The existing literature identifies several problems as follows:
• The lack of understanding of microarray data result in an ambiguity of the objectives of the study. • The risk of over-fitting and biased underestimates of the error rate due to the misuse of a valid
mechanism and resusbstitution estimation in the classification process.
• The lack of supporting evidence in the declaration of new prediction models due to the misuse of a valid mechanism and resusbstitution estimation.
• The researchers being not aware of the influence of the model complexity to the prediction results which result in model over-fitting.
• The researchers being not aware of the influence of the data preprocessing in finding the relevant information for the problems.
Information on these problems can be found in Sections 1.1 and 1.2 in Chapter 1 and Section 2.2 in Chapter 2.
6.2.2 The solution for feature extraction
Identifying a solution for feature extraction is the most important contribution of this research, as the selection method is always needed to reduce the number of noisy information from microarray data. In our solution, we utilised the universal computation power of ANNs and the evolutionary ability of GAs to extract informative genes from a specific microarray data sets. Three main steps in our feature extraction model are: (a) initialising a population of potential members to the problem, i.e. GA chromosomes; (b) computing fitness values for each member in the population using a 3-layer feedforward ANN; and (c) evaluating the fitness of each member in the population using GA crossover and mutation operators.
• The order of genes selected based on the selection frequency of genes, i.e. the number of times that the gene is selected, and the fitness accuracy of the gene subset, i.e. the number of times that the sample is correctly labelled in the class for the selected gene, is calculated.
• The fitness accuracy and the number of fitness evaluations for each GA cycle, i.e.
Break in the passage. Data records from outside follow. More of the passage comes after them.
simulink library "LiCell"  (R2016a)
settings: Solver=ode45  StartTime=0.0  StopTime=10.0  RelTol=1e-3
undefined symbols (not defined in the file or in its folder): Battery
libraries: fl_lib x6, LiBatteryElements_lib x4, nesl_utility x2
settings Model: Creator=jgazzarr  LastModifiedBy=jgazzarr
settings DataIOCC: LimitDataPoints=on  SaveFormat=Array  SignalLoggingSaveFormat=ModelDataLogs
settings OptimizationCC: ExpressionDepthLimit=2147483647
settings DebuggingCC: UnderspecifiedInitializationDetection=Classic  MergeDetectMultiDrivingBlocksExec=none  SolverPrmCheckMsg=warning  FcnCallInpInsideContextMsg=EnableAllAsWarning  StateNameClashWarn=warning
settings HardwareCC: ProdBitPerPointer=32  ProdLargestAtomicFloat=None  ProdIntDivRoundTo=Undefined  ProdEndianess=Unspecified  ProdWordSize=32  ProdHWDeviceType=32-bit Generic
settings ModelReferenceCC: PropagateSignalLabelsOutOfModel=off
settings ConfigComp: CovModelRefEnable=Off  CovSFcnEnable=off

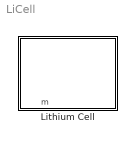
== system LiCell ==
  Lithium Cell : Subsystem  mask{Battery=Battery(1)}
      mask prompts: Battery "Battery Parameter Structure"
      settings: AttributesFormatString=%<Battery>
      mask Display:
      | image(imread('battery.jpg'))
      | color('red')
      | port_label('LConn',1,'H')
      | port_label('LConn',2,'+')
      | port_label('RConn',1,'-')
      | % port_label('LConn',3,'T')
      | % port_label('RConn',2,'SOC')
      | port_label('output',1,'m')

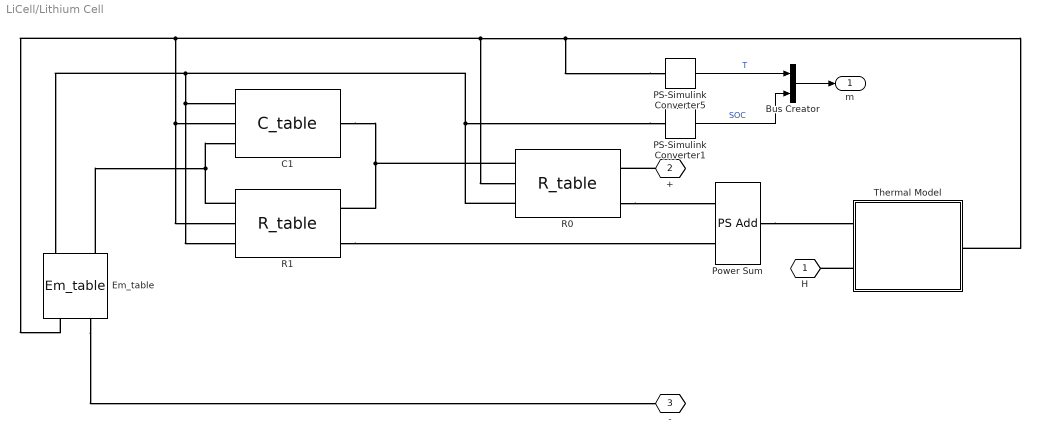
== system LiCell/Lithium Cell ==
  Bus Creator : BusCreator  Inputs=2
  C1 : LiBatteryElements_lib/C_table  C_Table=Battery.C1_LUT F  SOC_Table=Battery.SOC_LUT  Temp_Table=Battery.Temperature_LUT K  v0=0 V  mask(C_table){}
      mask Display: image('C_fig.png')
  Em_table : LiBatteryElements_lib/Em_table  C_Table=Battery.Capacity_LUT hr*A  Em_Table=Battery.Em_LUT V  SOC_Table=Battery.SOC_LUT  Temp_Table=Battery.Temperature_LUT K  Qinit=Battery.Qe_init hr*A  mask(Em_table){}
      mask Display: image('V_fig.png')
  PS-Simulink Converter1 : nesl_utility/PS-Simulink Converter  PhysicalDomain=network_engine_domain  SubClassName=ps_output  LeftPortType=input  RightPortType=output  PseudoPeriodic=off  Frequencies=[]  Unit=1  AffineConversion=off
  PS-Simulink Converter5 : nesl_utility/PS-Simulink Converter  PhysicalDomain=network_engine_domain  SubClassName=ps_output  LeftPortType=input  RightPortType=output  PseudoPeriodic=off  Frequencies=[]  Unit=degC  AffineConversion=on
  Power Sum : fl_lib/Physical Signals/Functions/PS Add
  R0 : LiBatteryElements_lib/R_table  R_Table=Battery.R0_LUT Ohm  SOC_Table=Battery.SOC_LUT  Temp_Table=Battery.Temperature_LUT K  mask(R_table){}
      mask Display: image('R_fig.png')
  R1 : LiBatteryElements_lib/R_table  R_Table=Battery.R1_LUT Ohm  SOC_Table=Battery.SOC_LUT  Temp_Table=Battery.Temperature_LUT K  mask(R_table){}
      mask Display: image('R_fig.png')
  Thermal Model : Subsystem
  H : PMIOPort  Tag=PMCPort  Port=1  Side=Left
  + : PMIOPort  Tag=PMCPort  Port=2  Side=Left
  - : PMIOPort  Tag=PMCPort  Port=3  Side=Right
  m : Outport
  wires:
  PS-Simulink Converter5/1 -> Bus Creator/1  "T"
  PS-Simulink Converter1/1 -> Bus Creator/2  "SOC"
  Bus Creator/1 -> m/1
  connections:
  R0/RConn2 -- Power Sum/LConn1
  R0/LConn1 -- C1/RConn1 -- R1/RConn1
  Power Sum/RConn1 -- Thermal Model/LConn1
  PS-Simulink Converter5/LConn1 -- C1/LConn2 -- R1/LConn2 -- Em_table/RConn2 -- R0/LConn2 -- Thermal Model/RConn1
  R1/RConn2 -- Power Sum/LConn2
  R1/LConn1 -- C1/LConn1 -- Em_table/LConn1
  +/RConn1 -- R0/RConn1
  Em_table/RConn1 -- -/RConn1
  Thermal Model/LConn2 -- H/RConn1
  PS-Simulink Converter1/LConn1 -- C1/LConn3 -- R1/LConn3 -- Em_table/LConn3 -- R0/LConn3

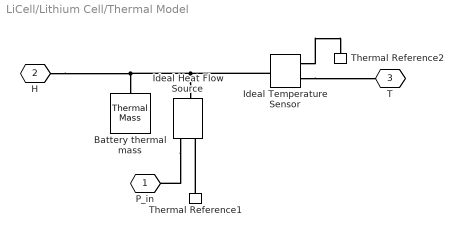
== system LiCell/Lithium Cell/Thermal Model ==
  Battery thermal mass : fl_lib/Thermal/Thermal Elements/Thermal Mass  mass=Battery.cell_mass kg  sp_heat=Battery.cell_Cp_heat J/kg/K  T_specify=on  T_priority=High  T=Battery.T_init K  Q_specify=off  Q_priority=High  Q=0 J/s
  Ideal Temperature Sensor : fl_lib/Thermal/Thermal Sensors/Ideal Temperature Sensor
  Ideal Heat Flow Source : fl_lib/Thermal/Thermal Sources/Ideal Heat Flow Source
  Thermal Reference1 : fl_lib/Thermal/Thermal Elements/Thermal Reference
  Thermal Reference2 : fl_lib/Thermal/Thermal Elements/Thermal Reference
  P_in : PMIOPort  Tag=PMCPort  Port=1  Side=Left
  H : PMIOPort  Tag=PMCPort  Port=2  Side=Left
  T : PMIOPort  Tag=PMCPort  Port=3  Side=Right
  connections:
  Ideal Heat Flow Source/RConn1 -- P_in/RConn1
  Ideal Heat Flow Source/LConn1 -- Battery thermal mass/LConn1 -- H/RConn1 -- Ideal Temperature Sensor/LConn1
  Thermal Reference1/LConn1 -- Ideal Heat Flow Source/RConn2
  Ideal Temperature Sensor/RConn2 -- T/RConn1
  Ideal Temperature Sensor/RConn1 -- Thermal Reference2/LConn1

GA generation, are preserved.
• The flexibility to alter parameters, such as types of activation function to be used to compute fitness values, the population size, the fitness evaluation size, the network size, the fitness precision level and the gene list corresponds to a specific fitness accuracy to be displayed.
• The simplicity of the model in which only the fundamental parameter settings are applied which reduce the possible risks arising from the complex model and also provides generalisability in handling multiple types of data structures, i.e. microarray data and bioassay data, in the bioinformatics field.
• Retaining all highly fitted members for the next generation, excepting the least fit member which is replaced by the new member in the next generation.
6.2.3 The prototype implementation and Evaluation
The prototype of the feature extraction solution has been implemented using a C++ programming language in LINUX environment to realise the proposed techniques. This prototype helps to validate our approach and shows the possibility of using ANN as a fitness generator for a GA, as well as extracting informative features from the high dimensional data and in the highly imbalanced data with different data representations. The prototype provided a fundamental basis for conducting our experimental study.
The performance of the prototype has been evaluated via experimental study which serve the following purposes:
• The performance of prototype, each with a different ANN activation function, to extract informative genes from the microarray data.
• The minimal sizes of GA population and fitness evaluation for efficient marker identification. • The ability of prototype to handle different platform of microarray data.
• The ability of prototype to extract important genes that were lower expressed in microarray data set. • The ability of prototype to handle a highly imbalanced data with multiple data representations.